In April Chinese importers defaulted on at least 500,000 tonnes of U.S. and Brazilian soybean cargoes worth around $300 million. Local banks had pulled their lines of credit, at least partly in response to government directives to clamp down on commodity financing.

That particular incident shows how worried the Chinese authorities are themselves about what is happening in the shadows of the country’s import trade.

Indeed, they have been playing a protracted game of cat-and-mouse with collateral financiers for many months. Local banks have been repeatedly instructed to tighten lending criteria, while some of the more egregious practices, such as the eternal credit line, one that is renewed ad infinitum, have been stamped out.

But the authorities are also caught in a vicious circle of their own making.

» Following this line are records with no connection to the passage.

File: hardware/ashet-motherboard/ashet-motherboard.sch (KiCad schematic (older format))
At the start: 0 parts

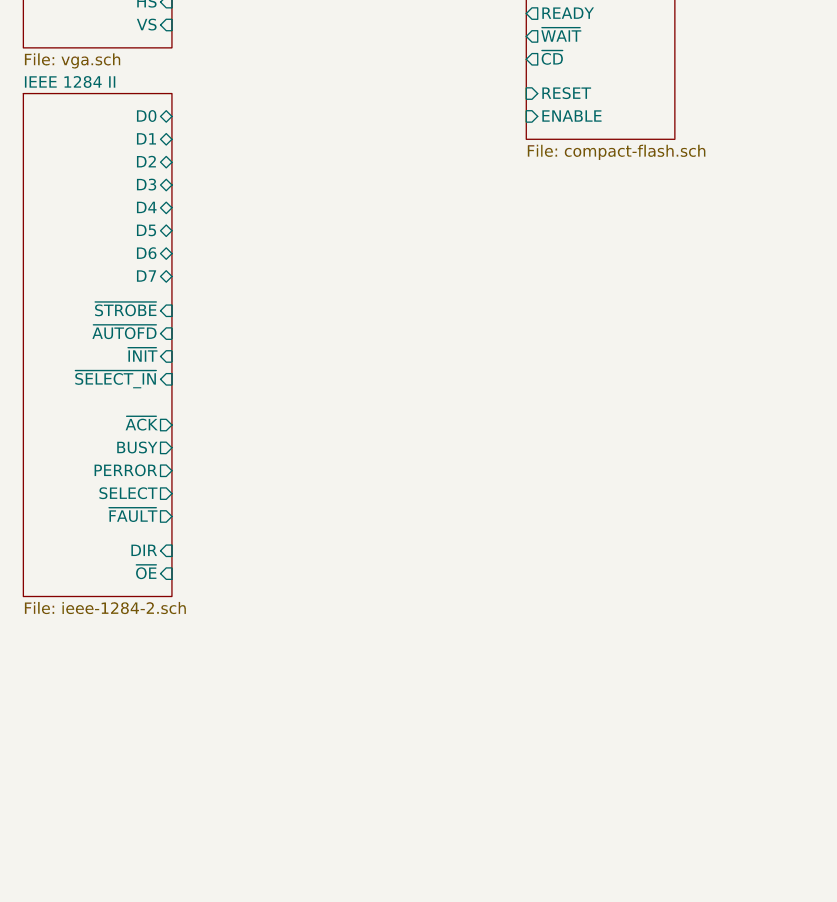
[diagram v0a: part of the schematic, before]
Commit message: schematics for pcm audio and ps/2.
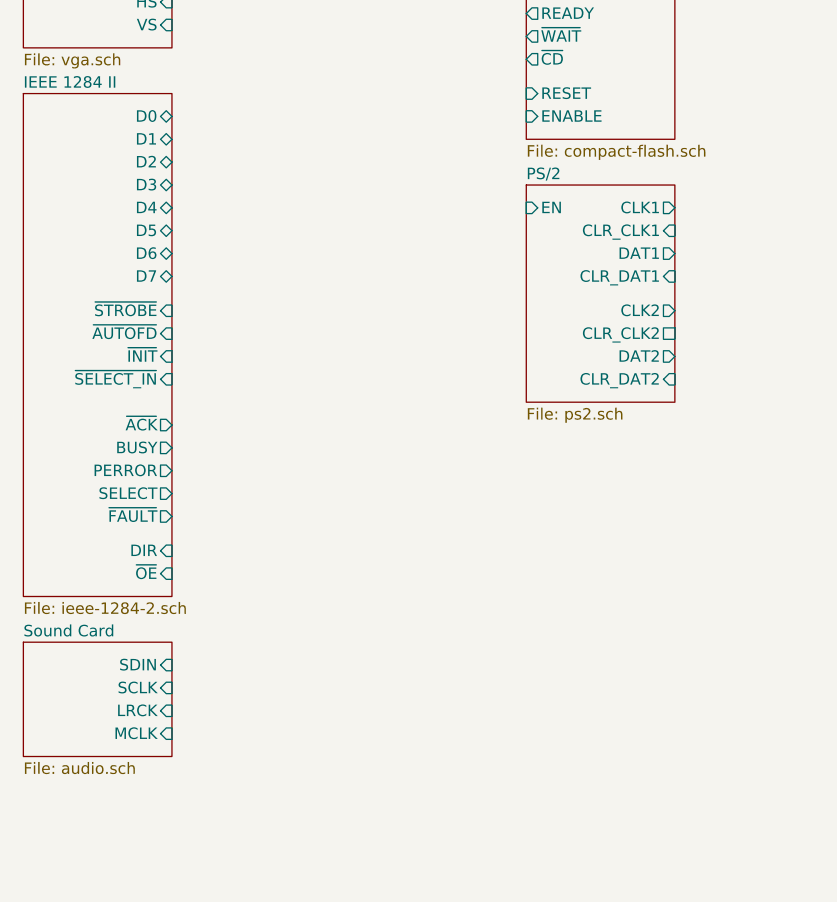
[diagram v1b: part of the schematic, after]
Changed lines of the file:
@@
 $Descr A4 11693 8268
 encoding utf-8
-Sheet 1 10
+Sheet 1 12
 Title ""
 Date ""
@@
 F38 "RESET" I L 2750 2900 50
 $EndSheet
+$Sheet
+S 2750 3300 650  950
+U 61EE171D
+F0 "PS/2" 50
+F1 "ps2.sch" 50
+F2 "CLK1" O R 3400 3400 50
+F3 "CLK2" O R 3400 3850 50
+F4 "DAT1" O R 3400 3600 50
+F5 "DAT2" O R 3400 4050 50
+F6 "CLR_CLK1" I R 3400 3500 50
+F7 "CLR_CLK2" U R 3400 3950 50
+F8 "CLR_DAT1" I R 3400 3700 50
+F9 "CLR_DAT2" I R 3400 4150 50
+F10 "EN" I L 2750 3400 50
+$EndSheet
+$Sheet
+S 550  5300 650  500
+U 61F81FE1
+F0 "Sound Card" 50
+F1 "audio.sch" 50
+F2 "SDIN" I R 1200 5400 50
+F3 "LRCK" I R 1200 5600 50
+F4 "MCLK" I R 1200 5700 50
+F5 "SCLK" I R 1200 5500 50
+$EndSheet
 $EndSCHEMATC

China is still living with the side-effects of the massive liquidity injection it used to fend off the global financial crisis back in 2009. Faced with collapsing world markets for its goods, it unleashed one of the greatest stimulus packages ever seen. Money poured into infrastructure, property development and new production capacity in sectors such as steel, cement and aluminium.

Bloated industries became even more bloated. China’s steel sector, for example, is suffering from chronic over-capacity and collapsed margins. Parts of the commercial property sector are still bubbling away merrily.

Such hot spots are now being starved of fresh loans as Beijing tries to trim some of the historical excess. But in doing so, it is incentivising those targeted to raise money by other means, first and foremost from the shadow lending market that flows from metals like copper imported under low-interest lines of credit.

In other words, funds are being channelled to precisely those deemed too high a credit risk to qualify for normal bank lending in the first place.

A huge shadow credit system largely out of sight and reach of the financial regulators, resting ultimately on assets that would be classified as junk in the official sector? Sound familiar?

Outside of China the world is still living with the consequences of such systemic credit failings. China still has time to regain control of its own shadow credit market.

What’s happened at Qingdao is the clearest warning yet that it needs to act.